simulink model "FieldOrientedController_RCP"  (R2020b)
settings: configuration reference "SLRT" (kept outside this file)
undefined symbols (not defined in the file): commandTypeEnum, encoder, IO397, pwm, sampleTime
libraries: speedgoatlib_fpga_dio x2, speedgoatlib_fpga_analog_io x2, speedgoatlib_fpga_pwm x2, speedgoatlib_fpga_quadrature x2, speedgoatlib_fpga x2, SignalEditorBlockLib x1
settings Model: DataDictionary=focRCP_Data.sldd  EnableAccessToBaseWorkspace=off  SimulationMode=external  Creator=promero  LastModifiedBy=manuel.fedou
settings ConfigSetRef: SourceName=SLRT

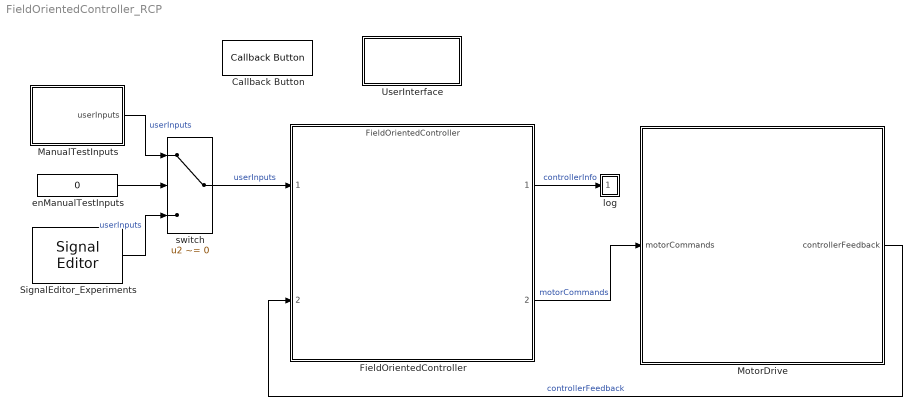
== system FieldOrientedController_RCP ==
  Callback Button : CallbackButton  ButtonText=Switch Electric Motor Control Kit
      settings: ClickFcn=|
      | SelectMotorKit
      | set_param(gcs,'SimulationCommand','Update')
  FieldOrientedController : ModelReference  ModelNameDialog=FieldOrientedController  SimulationMode=Normal  ModelReferenceVersion=1.564
      mask Display: image('focVelocityEncoderHwSwCMask.png');
  ManualTestInputs : Subsystem  Description=""  VariantControl=TestInputChoice == 2
      settings: RTWSystemCode=Nonreusable function
  MotorDrive : Subsystem  Variant=on  VariantControl=demoMode == 2
      mask Display:
      | dd=Simulink.data.dictionary.open('focDemo_Data.sldd');
      | switch getValue(getEntry(dd.getSection('Design Data'),'kitType'))
      |     case 2
      |     image('OldKit.jpg');
      |     case 1
      |     image('NewKit.png');
      |     case 3
      |     image('OldKit.jpg');
      | end
      | clear dd
  SignalEditor_Experiments : SignalEditorBlockLib/Signal Editor  FileName=PMSM_Experiments.mat  ActiveScenario=ClosedLoop_CoastdownTest  ActiveSignal=userInputs  IsBus=on  OutputBusObjectStr=Bus: userInputs  SampleTime=sampleTime.VelocityControl  Interpolate=off  ZeroCross=off  OutputAfterFinalValue=Holding final value  Unit=inherit  PreserveSignalName=on
  UserInterface : Subsystem
  enManualTestInputs : Constant  Value=0  OutDataTypeStr=boolean
  log : Subsystem
  switch : Switch  Criteria=u2 ~= 0
  wires:
  FieldOrientedController/2 -> MotorDrive/1("motorCommands  ")  "motorCommands"
  MotorDrive/1(" controllerFeedback") -> FieldOrientedController/2  "controllerFeedback"
  SignalEditor_Experiments/1 -> switch/3  "userInputs"
  ManualTestInputs/1(userInputs) -> switch/1  "userInputs"
  switch/1 -> FieldOrientedController/1  "userInputs"
  enManualTestInputs/1 -> switch/2
  FieldOrientedController/1 -> log/1(In)  "controllerInfo"

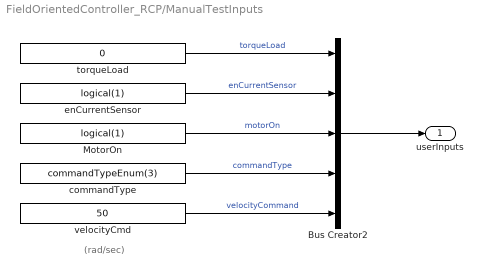
== system FieldOrientedController_RCP/ManualTestInputs ==
  note: (rad/sec)
  Bus Creator2 : BusCreator  Inputs=5  OutDataTypeStr=Bus: userInputs  NonVirtualBus=on
      settings: InheritFromInputs=off
  MotorOn : Constant  Value=logical(1)  OutDataTypeStr=boolean  SampleTime=sampleTime.VelocityControl
  commandType : Constant  Value=commandTypeEnum(3)  SampleTime=sampleTime.VelocityControl
  enCurrentSensor : Constant  Value=logical(1)  OutDataTypeStr=boolean  SampleTime=sampleTime.VelocityControl
  torqueLoad : Constant  Value=0  OutDataTypeStr=double  SampleTime=sampleTime.VelocityControl
  velocityCmd : Constant  Value=50  OutDataTypeStr=single  SampleTime=sampleTime.VelocityControl
  userInputs : Outport  VectorParamsAs1DForOutWhenUnconnected=off
  wires:
  MotorOn/1 -> Bus Creator2/3  "motorOn"
  commandType/1 -> Bus Creator2/4  "commandType"
  torqueLoad/1 -> Bus Creator2/1  "torqueLoad"
  enCurrentSensor/1 -> Bus Creator2/2  "enCurrentSensor"
  Bus Creator2/1 -> userInputs/1
  velocityCmd/1 -> Bus Creator2/5  "velocityCommand"

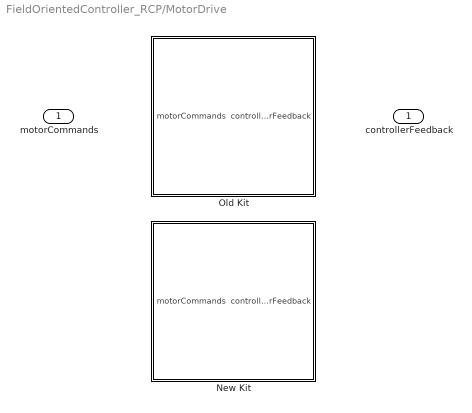
== system FieldOrientedController_RCP/MotorDrive ==
  "motorCommands  " : Inport
  New Kit : Subsystem  VariantControl=kitType == 1
      mask Display: image('NewKit.png'); % Use "Edit Image" on toolstrip to change.
  Old Kit : Subsystem  VariantControl=kitType == 2
      mask Display: image('OldKit.jpg'); % Use "Edit Image" on toolstrip to change.
  " controllerFeedback" : Outport  OutDataTypeStr=Bus: controllerFeedback  VectorParamsAs1DForOutWhenUnconnected=off

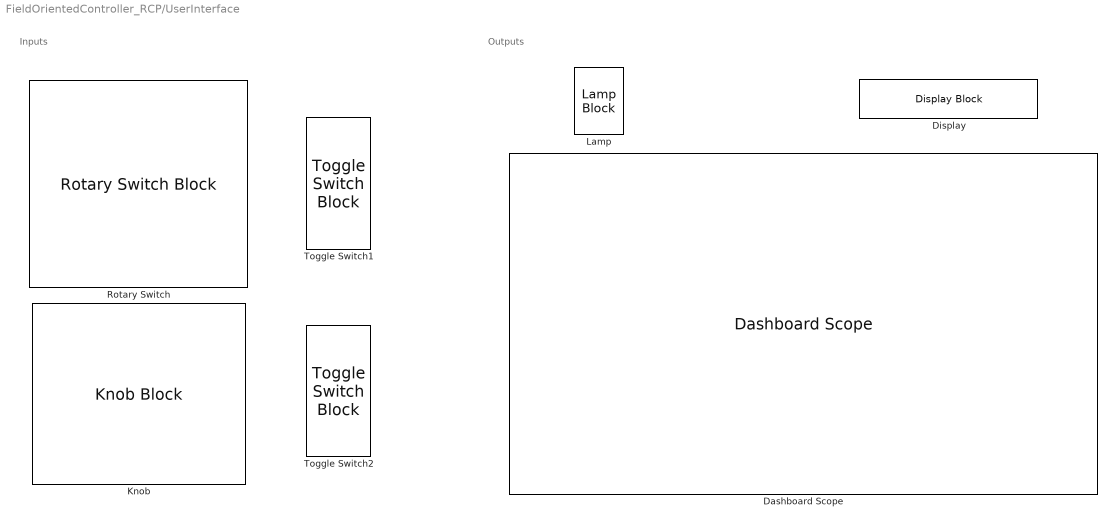
== system FieldOrientedController_RCP/UserInterface ==
  note: Inputs
  note: Outputs
  Dashboard Scope : DashboardScope  TimeSpan=10  Ymin=-250  Ymax=250  ScaleAtStop=off
  Display : DisplayBlock  LabelPosition=Hide  Format=short  Transparency=1
  Knob : KnobBlock  ScaleMin=-250  ScaleMax=250  TickInterval=50
  Lamp : LampBlock
  Rotary Switch : RotarySwitchBlock  UseEnumeratedDataType=on  EnumeratedDataType=commandTypeEnum
  Toggle Switch1 : ToggleSwitchBlock
      settings: Values={{'Off', 'On'}, [0 1]}
  Toggle Switch2 : ToggleSwitchBlock
      settings: Values={{'Off', 'On'}, [0 1]}

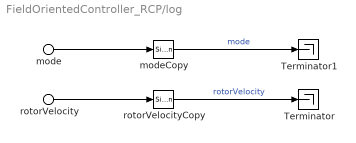
== system FieldOrientedController_RCP/log ==
  mode : Inport  PortName=In  Element=mode
  rotorVelocity : Inport  PortName=In  Element=rotorVelocity
  Terminator : Terminator
  Terminator1 : Terminator
  modeCopy : SignalConversion  OverrideOpt=on
  rotorVelocityCopy : SignalConversion  OverrideOpt=on
  wires:
  rotorVelocity/1 -> rotorVelocityCopy/1
  mode/1 -> modeCopy/1
  rotorVelocityCopy/1 -> Terminator/1  "rotorVelocity"
  modeCopy/1 -> Terminator1/1  "mode"

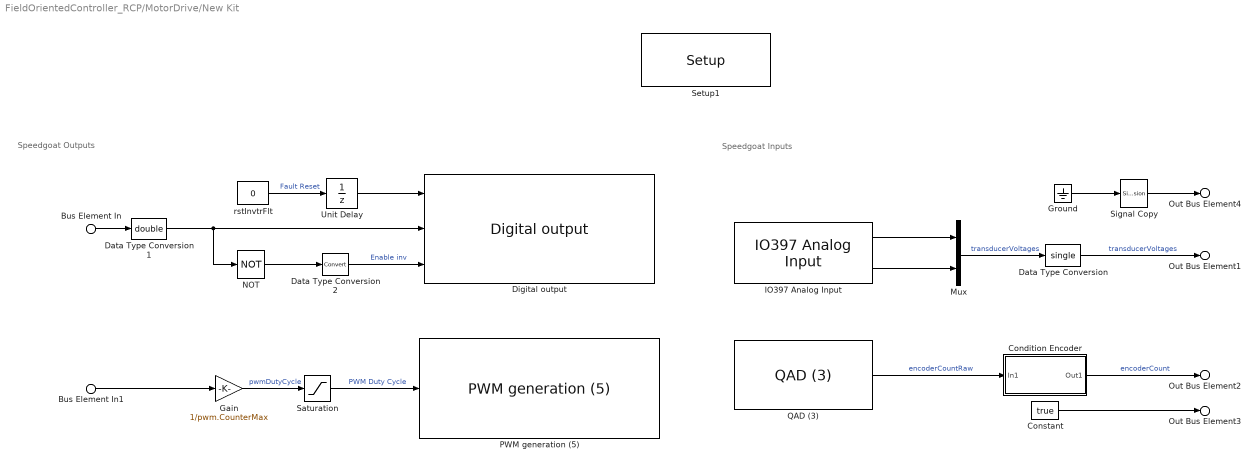
== system FieldOrientedController_RCP/MotorDrive/New Kit ==
  note: Speedgoat Outputs
  note: Speedgoat Inputs
  Bus Element In : Inport  PortName=motorCommands  Element=enInverter
  Bus Element In1 : Inport  PortName=motorCommands  Element=pwmCompare
  Condition Encoder : Subsystem  mask(Speedgoat Encoder Counter){cntsPerRevolution=encoder.CountPerRevolution, positiveDirection=encoder.ALeadsB}
      mask prompts: cntsPerRevolution "Counts per revolution"; positiveDirection "A leads B?"
      mask help: Configures the direction and positive range of the counter value returned by the Speedgoat IO313 QAD Read block.
      mask init:
      | if positiveDirection == 1
      |     strPositiveDirection = 'A Leads B';
      | else
      |     strPositiveDirection = 'B Leads A';
      | end
      mask Display: fprintf(['Encoder\nPositive Direction:\n' strPositiveDirection]);
  Constant : Constant  Value=true  SampleTime=sampleTime.CurrentControl
  Data Type Conversion : DataTypeConversion  OutDataTypeStr=single
  Data Type Conversion1 : DataTypeConversion  OutDataTypeStr=double
  Data Type Conversion2 : DataTypeConversion
  Digital output : speedgoatlib_fpga_dio/Digital output  id=1  chan=[1 4 5]  init=[1 0 0]  reset=[1 1 1]  vectorizeInput=off  ts=-1  pciSlot=-1  board=IO397-50k
      settings: SourceProductName=Simulink Real-Time: Speedgoat I/O Driver Library
  Gain : Gain  Gain=1/pwm.CounterMax  OutDataTypeStr=double
      settings: AttributesFormatString=|
      | --------------------------------
      | Gain = %<Gain>
  Ground : Ground
  IO397 Analog Input : speedgoatlib_fpga_analog_io/IO397 Analog Input  id=1  chan=[1:2]  range=+-5.12 V  trigger=Target  ts=sampleTime.CurrentControl  pciSlot=-1  board=IO397-50k
      settings: SourceProductName=Simulink Real-Time: Speedgoat I/O Driver Library
  Mux : Mux  Inputs=2
  NOT : Logic  Operator=NOT  IconShape=distinctive  AllPortsSameDT=off  OutDataTypeStr=boolean
  PWM generation (5) : speedgoatlib_fpga_pwm/PWM generation (5)  id=1  chan=[1 2 3]  board=IO397-50k  ts=-1  pciSlot=-1  delay=0  symmetric=Symmetric - PWM generation is centered around half the period  b_is_complement_of_a=The complement of PWM A output  deadband=[0.0]  period=pwm.Period  frequency=25000  ticks=2999  a_on=[0]  a_off=[0]  pwm_a_dc=[0.5]  b_on=[0]  b_off=[0]  pwm_b_dc=[0]  c_on=[0.0]  c_off=[0.0]  protection=B is forced off when A is on.  enable_latch_half_period=off  pwm_update=At period starts  trigger_duration=[1e-6]  trigger_period_start=on  trigger_half_of_the_period=off  trigger_a_on=off  trigger_a_off=off  trigger_b_on=off  trigger_b_off=off  show_a_input=on  show_b_input=on  show_c_input=off  show_period_input=off  show_force_stop_input=off  idle_a=Low when PWM generation is halted  idle_b=Low when PWM generation is halted  idle_c=Low when PWM generation is halted  cancels_pwm_generation=on  invert_a=off  invert_b=off  invert_c=off
      settings: SourceProductName=Simulink Real-Time: Speedgoat I/O Driver Library
  QAD (3) : speedgoatlib_fpga_quadrature/QAD (3)  id=1  board=IO397-50k  chan=[1]  resetOnStart=on  ts=sampleTime.CurrentControl  pciSlot=-1  operatingMode=Quadrature decoder  indexControlMode=Ignore index  resolution=4x  stepsPerRevolution=encoder.CountPerRevolution  latchMode=Disabled  interpolatePosition=off  invertAB=off  showClearPositionInput=off  showClearIndexFoundInput=off  showPositionOutput=on  showTurnOutput=off  showSpeedOutput=off  showDirectionOutput=off  showIndexFoundOutput=off
      settings: SourceProductName=Simulink Real-Time: Speedgoat I/O Driver Library
  Saturation : Saturate  UpperLimit=1  LowerLimit=0
  Setup1 : speedgoatlib_fpga/Setup/Setup  board=IO397-50k  id=1  device_id=1  frontIO=None  rearIO=None  bitstreamFile=speedgoat_IO397_50k_CI_02009  rev=1.0  timestamp_string=27/11/19 11:18:03  fpgaFreq=75 MHz  fpgaTick=13.3333 ns  ProgSpiFlash=off  ProgBPIFlash=off  pciSlot=-1  PullRPort0=pull-up 3.3V  VioPort0=3.3V  PullRPort1=pull-up 3.3V  VioPort1=3.3V  PullRPort2=pull-up 3.3V  VioPort2=3.3V  PullRPort3=pull-up 3.3V  VioPort3=3.3V  PullRPort4=pull-up 3.3V  VioPort4=3.3V  PullRPort5=pull-up 3.3V  VioPort5=3.3V  PullRPort6=pull-up 3.3V  VioPort6=3.3V  PullRPort15=pull-up 3.3V  PullRPort31=pull-up 3.3V  PullRPort47=pull-up 3.3V  PullRPort63=pull-up 3.3V
      settings: SourceProductName=Simulink Real-Time: Speedgoat I/O Driver Library
  Signal Copy : SignalConversion  OverrideOpt=off
  Unit Delay : UnitDelay  InitialCondition=1  SampleTime=-1  HasFrameUpgradeWarning=on
  rstInvtrFlt : Constant  Value=0
  Out Bus Element4 : Outport  VectorParamsAs1DForOutWhenUnconnected=off  PortName=controllerFeedback  Element=rotorVelocity
  Out Bus Element1 : Outport  VectorParamsAs1DForOutWhenUnconnected=off  PortName=controllerFeedback  Element=transducerVoltage
  Out Bus Element3 : Outport  VectorParamsAs1DForOutWhenUnconnected=off  PortName=controllerFeedback  Element=encoderIndexFound
  Out Bus Element2 : Outport  VectorParamsAs1DForOutWhenUnconnected=off  PortName=controllerFeedback  Element=encoderCount
  wires:
  Constant/1 -> Out Bus Element3/1
  Gain/1 -> Saturation/1  "pwmDutyCycle"
  Saturation/1 -> PWM generation (5)/1  "PWM Duty Cycle"
  Bus Element In1/1 -> Gain/1
  Condition Encoder/1(Out1) -> Out Bus Element2/1  "encoderCount"
  IO397 Analog Input/2 -> Mux/2
  IO397 Analog Input/1 -> Mux/1
  Data Type Conversion2/1 -> Digital output/3  "Enable inv"
  NOT/1 -> Data Type Conversion2/1
  QAD (3)/1 -> Condition Encoder/1(In1)  "encoderCountRaw"
  Bus Element In/1 -> Data Type Conversion1/1
  Mux/1 -> Data Type Conversion/1  "transducerVoltages"
  rstInvtrFlt/1 -> Unit Delay/1  "Fault Reset"
  Unit Delay/1 -> Digital output/1
  Data Type Conversion/1 -> Out Bus Element1/1  "transducerVoltages"
  Data Type Conversion1/1 -> NOT/1, Digital output/2
  Ground/1 -> Signal Copy/1
  Signal Copy/1 -> Out Bus Element4/1

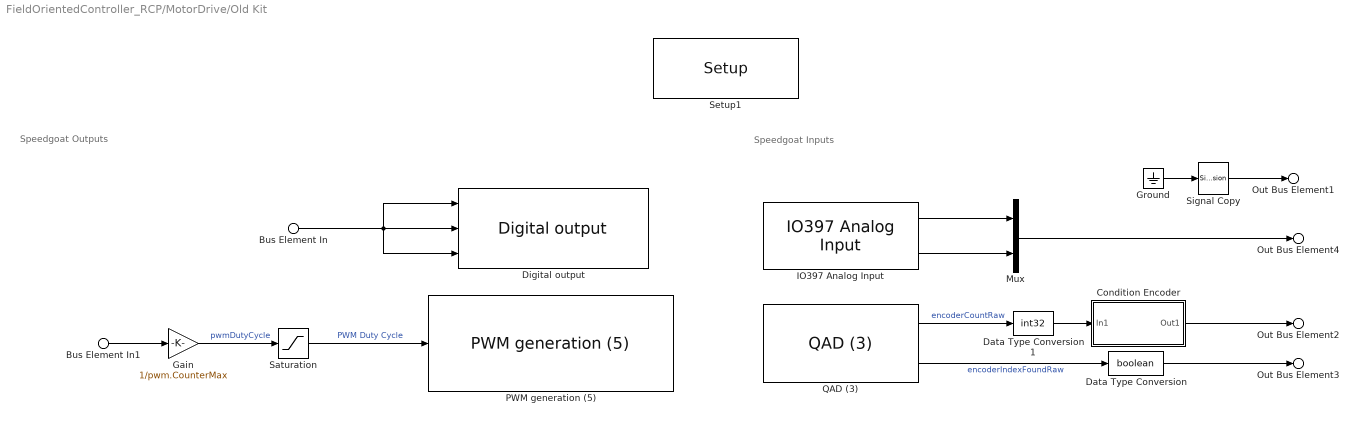
== system FieldOrientedController_RCP/MotorDrive/Old Kit ==
  note: Speedgoat Inputs
  note: Speedgoat Outputs
  Bus Element In : Inport  PortName=motorCommands  Element=enInverter
  Bus Element In1 : Inport  PortName=motorCommands  Element=pwmCompare
  Condition Encoder : Subsystem  mask(Speedgoat Encoder Counter){cntsPerRevolution=encoder.CountPerRevolution, positiveDirection=encoder.ALeadsB}
      mask prompts: cntsPerRevolution "Counts per revolution"; positiveDirection "A leads B?"
      mask help: Configures the direction and positive range of the counter value returned by the Speedgoat IO313 QAD Read block.
      mask init:
      | if positiveDirection == 1
      |     strPositiveDirection = 'A Leads B';
      | else
      |     strPositiveDirection = 'B Leads A';
      | end
      mask Display: fprintf(['Encoder\nPositive Direction:\n' strPositiveDirection]);
  Data Type Conversion : DataTypeConversion  OutDataTypeStr=boolean
  Data Type Conversion1 : DataTypeConversion  OutDataTypeStr=int32
  Digital output : speedgoatlib_fpga_dio/Digital output  id=1  chan=[2:4]  init=0  reset=0  vectorizeInput=off  ts=-1  pciSlot=-1  board=IO397-50k
      settings: SourceProductName=Simulink Real-Time: Speedgoat I/O Driver Library
  Gain : Gain  Gain=1/pwm.CounterMax
      settings: AttributesFormatString=|
      | --------------------------------
      | Gain = %<Gain>
  Ground : Ground
  IO397 Analog Input : speedgoatlib_fpga_analog_io/IO397 Analog Input  id=1  chan=[1:2]  range=+5.12 V  trigger=Target  ts=sampleTime.CurrentControl  pciSlot=-1  board=IO397-50k
      settings: SourceProductName=Simulink Real-Time: Speedgoat I/O Driver Library
  Mux : Mux  Inputs=2
  PWM generation (5) : speedgoatlib_fpga_pwm/PWM generation (5)  id=1  chan=[1 2 3]  board=IO397-50k  ts=-1  pciSlot=-1  delay=0  symmetric=Symmetric - PWM generation is centered around half the period  b_is_complement_of_a=The complement of PWM A output  deadband=[0.0]  period=pwm.Period  frequency=25000  ticks=2999  a_on=[0]  a_off=[0]  pwm_a_dc=[0.5]  b_on=[0]  b_off=[0]  pwm_b_dc=[0]  c_on=[0.0]  c_off=[0.0]  protection=B is forced off when A is on.  enable_latch_half_period=off  pwm_update=At period starts  trigger_duration=[1e-6]  trigger_period_start=on  trigger_half_of_the_period=off  trigger_a_on=off  trigger_a_off=off  trigger_b_on=off  trigger_b_off=off  show_a_input=on  show_b_input=on  show_c_input=off  show_period_input=off  show_force_stop_input=off  idle_a=Low when PWM generation is halted  idle_b=Low when PWM generation is halted  idle_c=Low when PWM generation is halted  cancels_pwm_generation=on  invert_a=off  invert_b=off  invert_c=off
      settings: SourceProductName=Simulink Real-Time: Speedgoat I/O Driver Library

> [BRIEF]: Which of the lines in the data hold the string "enCurrentSensor"? Report each of them by copying it.

> [ANSWER TO THE EXERCISE]:
  enCurrentSensor : Constant  Value=logical(1)  OutDataTypeStr=boolean  SampleTime=sampleTime.VelocityControl
  enCurrentSensor/1 -> Bus Creator2/2  "enCurrentSensor"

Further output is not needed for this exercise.